Never mind the lack of evidence that DPA's are a "deterrent" to financial crimes. Indeed, a 2009 study by the US Government Accountability Office (GAO) concluded "that the Department of Justice (DOJ) lacked performance measures to assess how Deferred Prosecution Agreements (DPA) and Non-Prosecution Agreements (NPA) contribute to its efforts to combat corporate crime."

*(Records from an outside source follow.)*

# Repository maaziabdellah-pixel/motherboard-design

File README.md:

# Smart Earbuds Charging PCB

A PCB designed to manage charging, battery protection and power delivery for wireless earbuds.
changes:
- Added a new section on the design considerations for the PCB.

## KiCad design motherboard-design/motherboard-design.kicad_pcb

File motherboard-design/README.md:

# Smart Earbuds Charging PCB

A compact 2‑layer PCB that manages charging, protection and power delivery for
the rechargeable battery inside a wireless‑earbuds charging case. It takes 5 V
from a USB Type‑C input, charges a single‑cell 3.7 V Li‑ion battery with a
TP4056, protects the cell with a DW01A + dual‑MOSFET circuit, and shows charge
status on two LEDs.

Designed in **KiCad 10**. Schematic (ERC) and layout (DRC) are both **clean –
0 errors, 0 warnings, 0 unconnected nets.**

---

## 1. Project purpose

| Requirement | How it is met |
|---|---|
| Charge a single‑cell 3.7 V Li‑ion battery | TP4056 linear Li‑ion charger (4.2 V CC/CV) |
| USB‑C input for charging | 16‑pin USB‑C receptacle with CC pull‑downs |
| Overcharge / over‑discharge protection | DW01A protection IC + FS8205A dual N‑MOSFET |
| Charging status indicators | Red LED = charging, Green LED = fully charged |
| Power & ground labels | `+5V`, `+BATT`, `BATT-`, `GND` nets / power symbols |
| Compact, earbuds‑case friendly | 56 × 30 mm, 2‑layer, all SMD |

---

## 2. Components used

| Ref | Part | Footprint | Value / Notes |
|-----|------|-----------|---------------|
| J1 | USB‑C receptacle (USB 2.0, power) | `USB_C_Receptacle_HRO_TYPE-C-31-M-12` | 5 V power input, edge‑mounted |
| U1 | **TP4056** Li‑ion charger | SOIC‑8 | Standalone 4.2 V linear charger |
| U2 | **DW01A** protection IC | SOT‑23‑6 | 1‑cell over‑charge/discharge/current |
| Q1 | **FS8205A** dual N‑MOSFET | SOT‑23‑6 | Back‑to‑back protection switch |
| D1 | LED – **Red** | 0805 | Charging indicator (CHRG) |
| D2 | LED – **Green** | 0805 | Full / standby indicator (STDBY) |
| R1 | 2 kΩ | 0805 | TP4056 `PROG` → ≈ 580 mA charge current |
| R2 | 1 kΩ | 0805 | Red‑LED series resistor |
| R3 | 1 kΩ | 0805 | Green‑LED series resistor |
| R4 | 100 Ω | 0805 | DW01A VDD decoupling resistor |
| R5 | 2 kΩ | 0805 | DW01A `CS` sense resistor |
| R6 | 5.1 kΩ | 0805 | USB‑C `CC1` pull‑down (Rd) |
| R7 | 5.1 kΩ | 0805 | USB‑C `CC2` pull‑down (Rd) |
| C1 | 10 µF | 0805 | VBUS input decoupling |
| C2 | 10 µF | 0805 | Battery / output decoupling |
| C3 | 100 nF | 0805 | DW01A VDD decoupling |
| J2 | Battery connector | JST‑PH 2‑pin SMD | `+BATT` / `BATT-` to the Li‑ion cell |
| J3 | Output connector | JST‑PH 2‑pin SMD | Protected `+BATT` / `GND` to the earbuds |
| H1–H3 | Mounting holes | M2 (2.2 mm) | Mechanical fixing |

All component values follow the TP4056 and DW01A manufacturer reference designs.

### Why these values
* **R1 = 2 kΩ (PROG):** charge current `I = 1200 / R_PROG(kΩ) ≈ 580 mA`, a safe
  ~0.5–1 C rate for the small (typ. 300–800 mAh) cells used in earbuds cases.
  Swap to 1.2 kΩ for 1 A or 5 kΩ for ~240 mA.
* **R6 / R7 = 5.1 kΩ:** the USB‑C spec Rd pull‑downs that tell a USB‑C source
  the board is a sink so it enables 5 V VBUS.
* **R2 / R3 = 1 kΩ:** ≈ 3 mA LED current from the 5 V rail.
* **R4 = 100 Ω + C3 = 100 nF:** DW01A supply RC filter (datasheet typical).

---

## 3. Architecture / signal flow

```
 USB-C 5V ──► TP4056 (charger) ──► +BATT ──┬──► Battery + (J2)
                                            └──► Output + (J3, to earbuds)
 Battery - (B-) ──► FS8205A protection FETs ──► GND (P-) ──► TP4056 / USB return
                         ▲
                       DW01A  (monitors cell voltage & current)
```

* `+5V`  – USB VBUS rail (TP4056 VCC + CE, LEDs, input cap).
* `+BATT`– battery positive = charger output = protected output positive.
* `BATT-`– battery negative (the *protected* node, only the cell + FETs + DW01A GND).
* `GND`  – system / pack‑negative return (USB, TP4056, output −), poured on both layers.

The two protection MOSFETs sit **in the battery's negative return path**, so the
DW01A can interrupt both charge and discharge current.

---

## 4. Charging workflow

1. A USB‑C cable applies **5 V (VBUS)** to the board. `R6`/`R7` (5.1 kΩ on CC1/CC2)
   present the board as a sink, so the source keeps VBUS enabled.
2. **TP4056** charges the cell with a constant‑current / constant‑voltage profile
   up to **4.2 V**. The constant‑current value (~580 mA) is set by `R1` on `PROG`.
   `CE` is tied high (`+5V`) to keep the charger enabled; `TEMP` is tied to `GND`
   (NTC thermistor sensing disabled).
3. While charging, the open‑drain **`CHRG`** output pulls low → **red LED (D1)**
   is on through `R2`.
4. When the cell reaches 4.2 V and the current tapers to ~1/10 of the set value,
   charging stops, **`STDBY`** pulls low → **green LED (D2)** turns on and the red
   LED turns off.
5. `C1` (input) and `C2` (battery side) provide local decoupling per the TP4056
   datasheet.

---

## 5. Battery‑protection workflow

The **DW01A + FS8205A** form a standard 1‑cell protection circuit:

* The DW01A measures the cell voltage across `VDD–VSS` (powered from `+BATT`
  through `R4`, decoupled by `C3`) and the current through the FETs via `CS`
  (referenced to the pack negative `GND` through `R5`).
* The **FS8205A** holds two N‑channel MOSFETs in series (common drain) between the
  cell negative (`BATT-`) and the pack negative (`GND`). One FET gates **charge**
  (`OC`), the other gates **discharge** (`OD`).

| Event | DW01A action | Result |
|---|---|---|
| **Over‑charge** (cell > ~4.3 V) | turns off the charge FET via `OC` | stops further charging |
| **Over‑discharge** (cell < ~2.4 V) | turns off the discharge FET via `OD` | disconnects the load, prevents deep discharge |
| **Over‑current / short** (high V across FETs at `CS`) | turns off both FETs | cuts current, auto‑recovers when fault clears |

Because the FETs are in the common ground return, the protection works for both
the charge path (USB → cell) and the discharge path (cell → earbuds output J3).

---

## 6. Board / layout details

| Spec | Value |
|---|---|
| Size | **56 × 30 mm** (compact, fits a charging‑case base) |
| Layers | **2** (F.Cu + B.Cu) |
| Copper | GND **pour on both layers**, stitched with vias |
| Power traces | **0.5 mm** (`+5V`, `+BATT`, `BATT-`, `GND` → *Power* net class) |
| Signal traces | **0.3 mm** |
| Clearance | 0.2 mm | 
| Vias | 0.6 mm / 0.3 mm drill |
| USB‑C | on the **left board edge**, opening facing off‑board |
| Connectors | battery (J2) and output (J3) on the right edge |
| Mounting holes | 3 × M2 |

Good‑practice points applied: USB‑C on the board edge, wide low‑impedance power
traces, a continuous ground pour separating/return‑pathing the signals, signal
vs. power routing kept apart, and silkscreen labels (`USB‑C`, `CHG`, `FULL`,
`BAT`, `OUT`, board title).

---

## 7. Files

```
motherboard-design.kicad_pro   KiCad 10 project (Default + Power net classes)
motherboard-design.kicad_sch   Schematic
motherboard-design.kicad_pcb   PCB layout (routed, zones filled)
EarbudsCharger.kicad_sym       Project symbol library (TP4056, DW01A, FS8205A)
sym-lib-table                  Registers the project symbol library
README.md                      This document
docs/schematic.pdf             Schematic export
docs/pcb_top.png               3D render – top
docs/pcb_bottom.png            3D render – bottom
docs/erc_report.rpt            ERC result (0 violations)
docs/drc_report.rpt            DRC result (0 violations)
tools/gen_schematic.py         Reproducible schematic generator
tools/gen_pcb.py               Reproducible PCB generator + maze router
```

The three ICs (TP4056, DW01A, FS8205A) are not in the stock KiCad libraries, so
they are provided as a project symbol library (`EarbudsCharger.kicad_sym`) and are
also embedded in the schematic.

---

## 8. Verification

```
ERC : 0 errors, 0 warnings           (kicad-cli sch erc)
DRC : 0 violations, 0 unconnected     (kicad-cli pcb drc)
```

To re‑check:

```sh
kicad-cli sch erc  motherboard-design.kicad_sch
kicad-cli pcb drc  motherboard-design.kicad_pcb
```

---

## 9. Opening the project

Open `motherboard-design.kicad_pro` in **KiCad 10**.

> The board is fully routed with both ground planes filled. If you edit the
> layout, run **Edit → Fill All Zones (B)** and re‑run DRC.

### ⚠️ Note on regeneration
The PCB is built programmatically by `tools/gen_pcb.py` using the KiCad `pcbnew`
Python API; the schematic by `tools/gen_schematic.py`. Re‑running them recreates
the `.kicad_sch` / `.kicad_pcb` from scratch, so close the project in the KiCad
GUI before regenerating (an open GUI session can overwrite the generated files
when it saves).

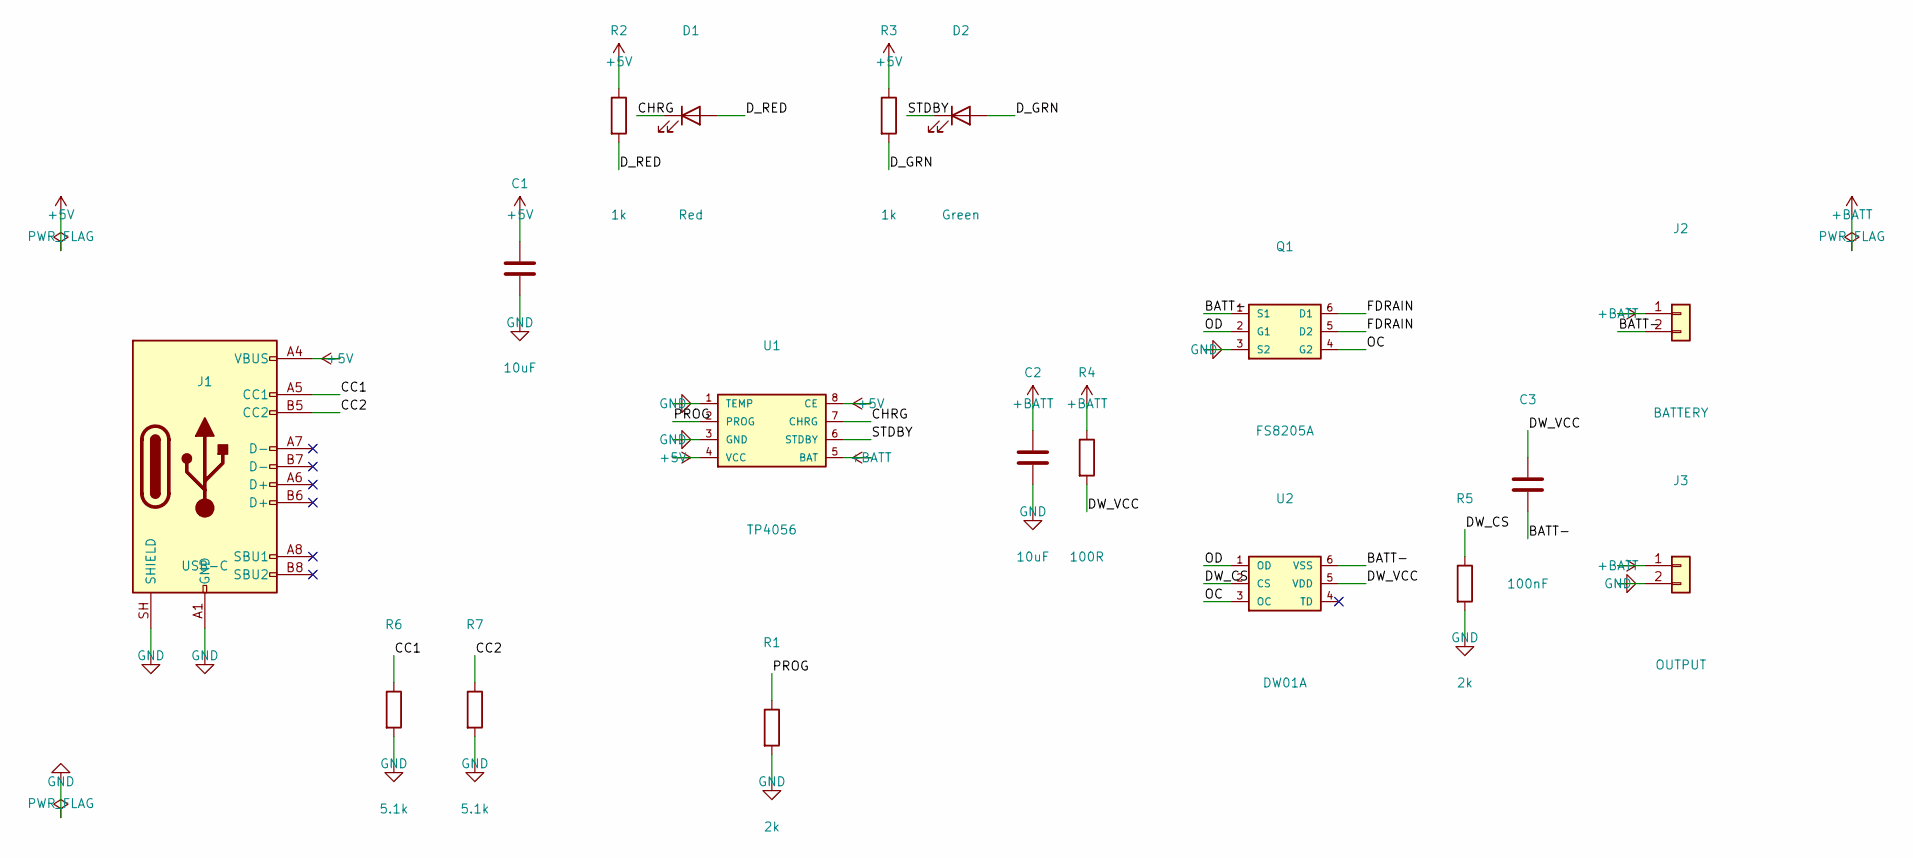
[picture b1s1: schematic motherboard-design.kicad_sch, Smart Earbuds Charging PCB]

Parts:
C1, C2: 10uF; C_0805_2012Metric
C3: 100nF; C_0805_2012Metric
D1: Red; LED_0805_2012Metric
D2: Green; LED_0805_2012Metric
J1: USB-C; USB_C_Receptacle_HRO_TYPE-C-31-M-12
J2: BATTERY; JST_PH_B2B-PH-SM4-TB_1x02-1MP_P2.00mm_Vertical
J3: OUTPUT; JST_PH_B2B-PH-SM4-TB_1x02-1MP_P2.00mm_Vertical
Q1: FS8205A; SOT-23-6
R1, R5: 2k; R_0805_2012Metric
R2, R3: 1k; R_0805_2012Metric
R4: 100R; R_0805_2012Metric
R6, R7: 5.1k; R_0805_2012Metric
U1: TP4056; SOIC-8_3.9x4.9mm_P1.27mm
U2: DW01A; SOT-23-6

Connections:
+5V: C1.1, J1.A4 (VBUS), J1.A9 (VBUS), J1.B4 (VBUS), J1.B9 (VBUS), R2.1, R3.1, U1.4 (VCC), U1.8 (CE)
+BATT: C2.1, J2.1, J3.1, R4.1, U1.5 (BAT)
BATT-: C3.2, J2.2, Q1.1 (S1), U2.6 (VSS)
CC1: J1.A5 (CC1), R6.1
CC2: J1.B5 (CC2), R7.1
CHRG: D1.1 (K), U1.7 (CHRG)
DW_CS: R5.1, U2.2 (CS)
DW_VCC: C3.1, R4.2, U2.5 (VDD)
D_GRN: D2.2 (A), R3.2
D_RED: D1.2 (A), R2.2
FDRAIN: Q1.5 (D2), Q1.6 (D1)
GND: C1.2, C2.2, J1.A1 (GND), J1.A12 (GND), J1.B1 (GND), J1.B12 (GND), J1.SH (SHIELD), J3.2, Q1.3 (S2), R1.2, R5.2, R6.2, R7.2, U1.1 (TEMP), U1.3 (GND)
OC: Q1.4 (G2), U2.3 (OC)
OD: Q1.2 (G1), U2.1 (OD)
PROG: R1.1, U1.2 (PROG)
STDBY: D2.1 (K), U1.6 (STDBY)

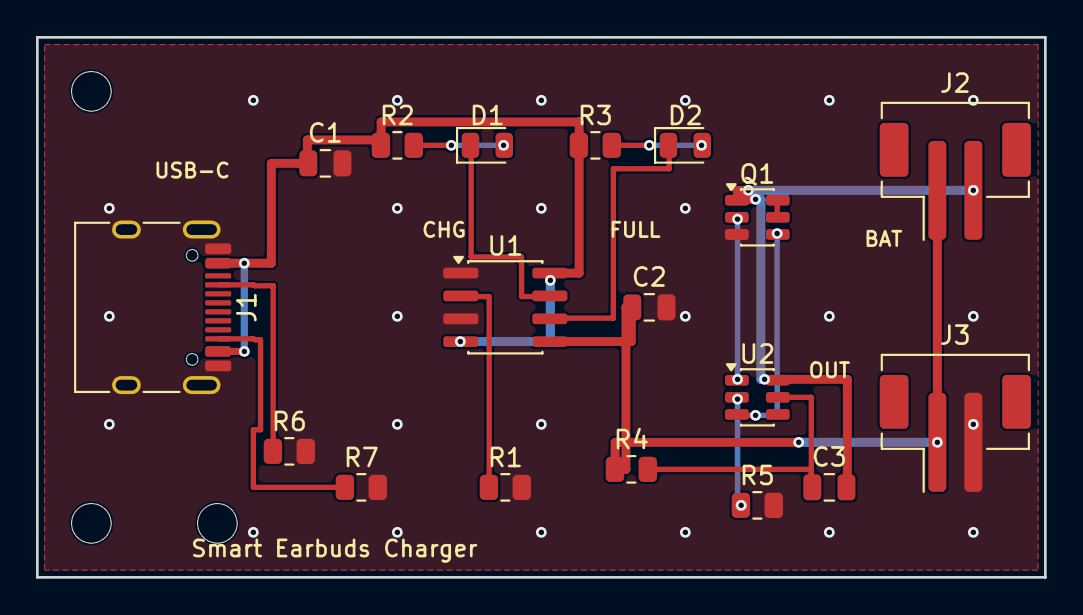
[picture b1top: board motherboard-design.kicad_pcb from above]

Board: 2 copper layers, 56.0 x 30.0 mm, 21 parts (0 on the bottom side), 16 nets.

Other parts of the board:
H1, H2, H3: MountingHole_2.2mm_M2

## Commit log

2026-06-05 add plan
2026-06-06 Add project files with gitignore
2026-06-06 Remove tools directory

Well, if the Justice Department lacked "metrics" as to whether or not their agreements with corporate criminals act as a deterrent to future crimes, were there other considerations behind the sweetheart deals forged between the Criminal Division, HSBC and other banks?
You bet there were and it's worth recalling statements by former UNODC director Antonio Maria Costa in this regard. In 2009, Costa told The Observer that "he has seen evidence that the proceeds of organised crime were 'the only liquid investment capital' available to some banks on the brink of collapse last year. He said that a majority of the $352bn (£216bn) of drugs profits was absorbed into the economic system as a result."
Costa said that "in many instances, the money from drugs was the only liquid investment capital. In the second half of 2008, liquidity was the banking system's main problem and hence liquid capital became an important factor."
"Inter-bank loans were funded by money that originated from the drugs trade and other illegal activities... There were signs that some banks were rescued that way." Although Costa declined to identify the banks involved because it would not be "appropriate," he told The Observer that "money is now a part of the official system and had been effectively laundered."
"That was the moment [last year] when the system was basically paralysed because of the unwillingness of banks to lend money to one another," Costa averred. "The progressive liquidisation to the system and the progressive improvement by some banks of their share values [has meant that] the problem [of illegal money] has become much less serious than it was."
In other words, as illegal cash propped up the banks while the crisis was being sorted out, at the expense of the working class mind you, the financial pirates responsible for the capitalist meltdown have become even larger, thanks to taxpayer bailouts, in effect holding the economy hostage as they became "too big" to either "fail or jail."
As Matt Taibbi observed in Rolling Stone, "At HSBC, the bank did more than avert its eyes to a few shady transactions. It repeatedly defied government orders as it made a conscious, years-long effort to completely stop discriminating between illegitimate and legitimate money. And when it somehow talked the U.S. government into crafting a settlement over these offenses with the lunatic aim of preserving the bank's license, it succeeded, finally, in making crime mainstream."
What we are dealing with here is nothing less than a perverse economic system thoroughly criminalized by its elites; a bizarro world as Michel Chossudovsky pointed out where "war criminals legitimately occupy positions of authority, which enable them to decide 'who are the criminals', when in fact they are the criminals."